使用动态鼠标悬停事件抓取网站 [英] Scrape website with dynamic mouseover event
问题描述
我正在尝试抓取从鼠标悬停事件动态生成的数据.我想从
的哈希率分布图表中获取信息
I am trying to scrape data which is generated dynamically from mouseover events.
I want to capture the information from the Hash Rate Distribution chart from
https://slushpool.com/stats/?c=btc which is generated when you scroll over each circle.
The code below gets the html data from the website, and returns the table which is filled once the mouse passes over a circle.
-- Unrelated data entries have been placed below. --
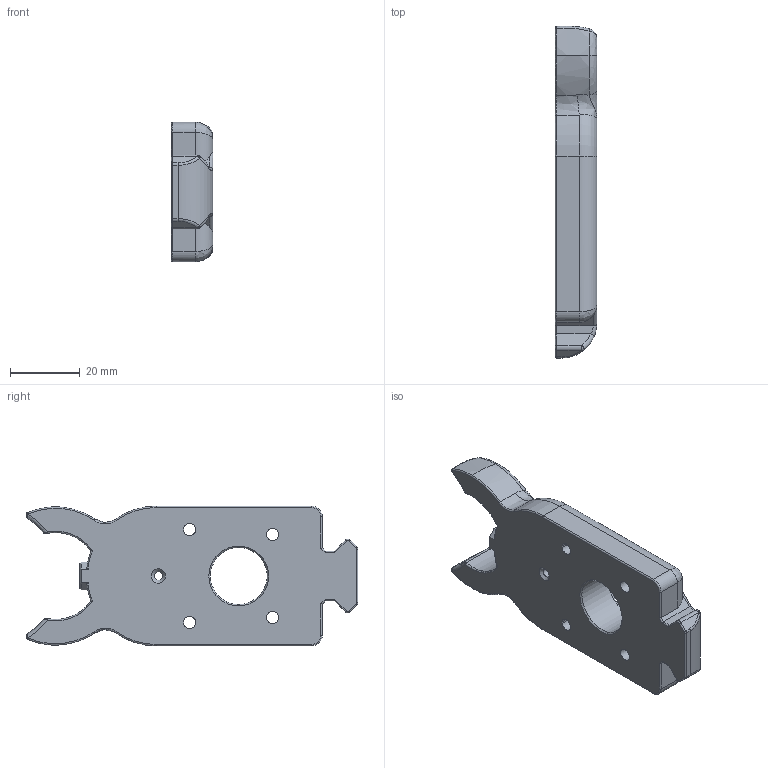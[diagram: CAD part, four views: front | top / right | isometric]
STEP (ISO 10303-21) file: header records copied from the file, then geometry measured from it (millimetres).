
FILE_DESCRIPTION (( 'STEP AP203' ), '1' );
FILE_NAME ('WTF-9_barrel_retainer_cap.STEP', '2020-05-09T09:28:44', ( '' ), ( '' ), 'SwSTEP 2.0', 'SolidWorks 2016', '' );
FILE_SCHEMA (( 'CONFIG_CONTROL_DESIGN' ));
Length unit declared in the file: millimetre
Products named in the file (2): WTF9 V1 FINAL_17; WTF-9_barrel_retainer_cap
Assembly tree (1 placements, depth 2):
  WTF-9_barrel_retainer_cap
    WTF9 V1 FINAL_17
Bounding box: 12 x 95.49 x 40.2 mm (x, y, z)
Volume: 31800.5 mm3; surface area: 9857.7 mm2
Topology: 1 solids, 1 shells, 139 faces, 349 edges, 205 vertices
Faces by surface type: cylinder 42, bspline 36, plane 34, torus 23, cone 2, sphere 2
Full cylindrical faces by diameter (mm): 2.5 x2, 3.5 x2, 16.4 x1
Entity records: 6127 total; most frequent: CARTESIAN_POINT 3043, ORIENTED_EDGE 670, DIRECTION 487, EDGE_CURVE 335, VERTEX_POINT 205, AXIS2_PLACEMENT_3D 188, EDGE_LOOP 158, FACE_OUTER_BOUND 145
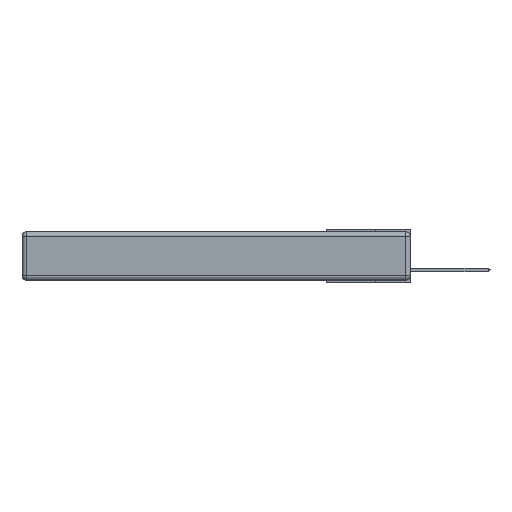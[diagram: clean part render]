
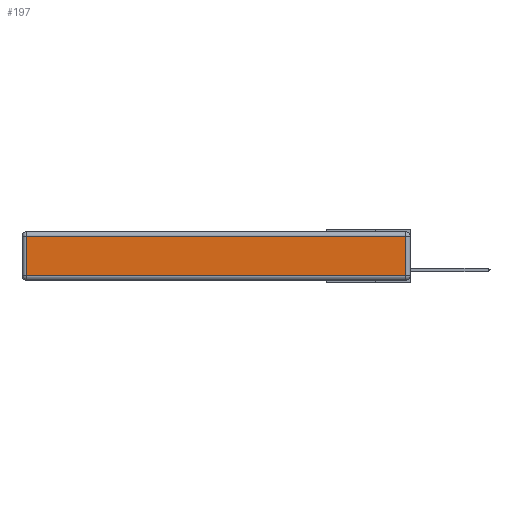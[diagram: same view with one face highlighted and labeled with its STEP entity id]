
A CAD part, left-side view. The second image highlights one B-rep face of the part: STEP entity #197.
In plain terms, the highlighted planar face has unit normal (-1, 0, 0).
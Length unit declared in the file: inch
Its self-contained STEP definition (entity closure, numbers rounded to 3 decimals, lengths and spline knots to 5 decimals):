
#197 = ADVANCED_FACE ( 'NONE', ( #2141 ), #22523, .T. ) ;
#204 = CARTESIAN_POINT ( 'NONE',  ( 0., 0.03, -0.313 ) ) ;
#1331 = DIRECTION ( 'NONE',  ( -1., 0., 0. ) ) ;
#2141 = FACE_OUTER_BOUND ( 'NONE', #8416, .T. ) ;
#4627 = DIRECTION ( 'NONE',  ( 0., 0., -1. ) ) ;
#4986 = CARTESIAN_POINT ( 'NONE',  ( 0., 0.03, -0.03 ) ) ;
#5674 = CARTESIAN_POINT ( 'NONE',  ( 0., 2.72, -0.03 ) ) ;
#6243 = CARTESIAN_POINT ( 'NONE',  ( 0., 0.03, -0.343 ) ) ;
#7025 = VECTOR ( 'NONE', #16904, 39.37008 ) ;
#7794 = VERTEX_POINT ( 'NONE', #4986 ) ;
#8416 = EDGE_LOOP ( 'NONE', ( #9717, #17499, #16002, #19318 ) ) ;
#9717 = ORIENTED_EDGE ( 'NONE', *, *, #12411, .T. ) ;
#10393 = EDGE_CURVE ( 'NONE', #7794, #15290, #19131, .T. ) ;
#10595 = DIRECTION ( 'NONE',  ( 0., 1., 0. ) ) ;
#10602 = LINE ( 'NONE', #17267, #16908 ) ;
#12411 = EDGE_CURVE ( 'NONE', #13284, #23666, #18298, .T. ) ;
#13284 = VERTEX_POINT ( 'NONE', #25758 ) ;
#13903 = CARTESIAN_POINT ( 'NONE',  ( 0., 0., -0.343 ) ) ;
#13991 = LINE ( 'NONE', #6243, #7025 ) ;
#15290 = VERTEX_POINT ( 'NONE', #5674 ) ;
#16002 = ORIENTED_EDGE ( 'NONE', *, *, #10393, .T. ) ;
#16030 = DIRECTION ( 'NONE',  ( 0., 0., 1. ) ) ;
#16300 = DIRECTION ( 'NONE',  ( 0., -1., 0. ) ) ;
#16904 = DIRECTION ( 'NONE',  ( 0., 0., 1. ) ) ;
#16908 = VECTOR ( 'NONE', #4627, 39.37008 ) ;
#17267 = CARTESIAN_POINT ( 'NONE',  ( 0., 2.72, -0.343 ) ) ;
#17499 = ORIENTED_EDGE ( 'NONE', *, *, #25475, .T. ) ;
#18298 = LINE ( 'NONE', #21129, #18661 ) ;
#18661 = VECTOR ( 'NONE', #16300, 39.37008 ) ;
#18789 = VECTOR ( 'NONE', #10595, 39.37008 ) ;
#19131 = LINE ( 'NONE', #23156, #18789 ) ;
#19318 = ORIENTED_EDGE ( 'NONE', *, *, #26769, .T. ) ;
#21129 = CARTESIAN_POINT ( 'NONE',  ( 0., 0., -0.313 ) ) ;
#22523 = PLANE ( 'NONE',  #24418 ) ;
#23156 = CARTESIAN_POINT ( 'NONE',  ( 0., 2.75, -0.03 ) ) ;
#23666 = VERTEX_POINT ( 'NONE', #204 ) ;
#24418 = AXIS2_PLACEMENT_3D ( 'NONE', #13903, #1331, #16030 ) ;
#25475 = EDGE_CURVE ( 'NONE', #23666, #7794, #13991, .T. ) ;
#25758 = CARTESIAN_POINT ( 'NONE',  ( 0., 2.72, -0.313 ) ) ;
#26769 = EDGE_CURVE ( 'NONE', #15290, #13284, #10602, .T. ) ;

However, I have not been able to figure out how to trigger the mouseover event for each circle to fill the table.
from lxml import etree
from xml.etree import ElementTree
from selenium import webdriver
driver_path = "#Firefox web driver"
browser = webdriver.Firefox(executable_path=driver_path)
browser.get("https://slushpool.com/stats/?c=btc")
page = browser.page_source #Get page html
tree = etree.HTML(page) #create etree
table_Xpath = '/html/body/div[1]/div/div/div/div/div[5]/div[1]/div/div/div[2]/div[2]/div[2]/div/table'
table =tree.xpath(table_Xpath) #get table using Xpath
print(ElementTree.tostring(table[0])) #Returns empty table.
#Should return data from each mouseover event
Is there a way to trigger the mouseover event for each circle, then extract the generated data.
Thank you in advance for the help!
To trigger the mouseover event for each circle you have to induce WebDriverWait for the visibility_of_all_elements_located()
and you can use the following Locator Strategies:
Code Block:
from selenium import webdriver from selenium.webdriver.common.by import By from selenium.webdriver.support.ui import WebDriverWait from selenium.webdriver.support import expected_conditions as EC from selenium.webdriver.common.action_chains import ActionChains chrome_options = webdriver.ChromeOptions() chrome_options.add_argument("start-maximized") chrome_options.add_experimental_option("excludeSwitches", ["enable-automation"]) chrome_options.add_experimental_option('useAutomationExtension', False) driver = webdriver.Chrome(options=chrome_options, executable_path=r'C:UtilityBrowserDriverschromedriver.exe') driver.get("https://slushpool.com/stats/?c=btc") driver.execute_script("return arguments[0].scrollIntoView(true);", WebDriverWait(driver, 20).until(EC.visibility_of_element_located((By.XPATH, "//h1//span[text()='Distribution']")))) elements = WebDriverWait(driver, 20).until(EC.visibility_of_all_elements_located((By.XPATH, "//h1//span[text()='Distribution']//following::div[1]/*[name()='svg']//*[name()='g']//*[name()='g' and @class='paper']//*[name()='circle']"))) for element in elements: ActionChains(driver).move_to_element(element).perform()
Browser Snapshot:
这篇关于使用动态鼠标悬停事件抓取网站的文章就介绍到这了,希望我们推荐的答案对大家有所帮助,也希望大家多多支持IT屋!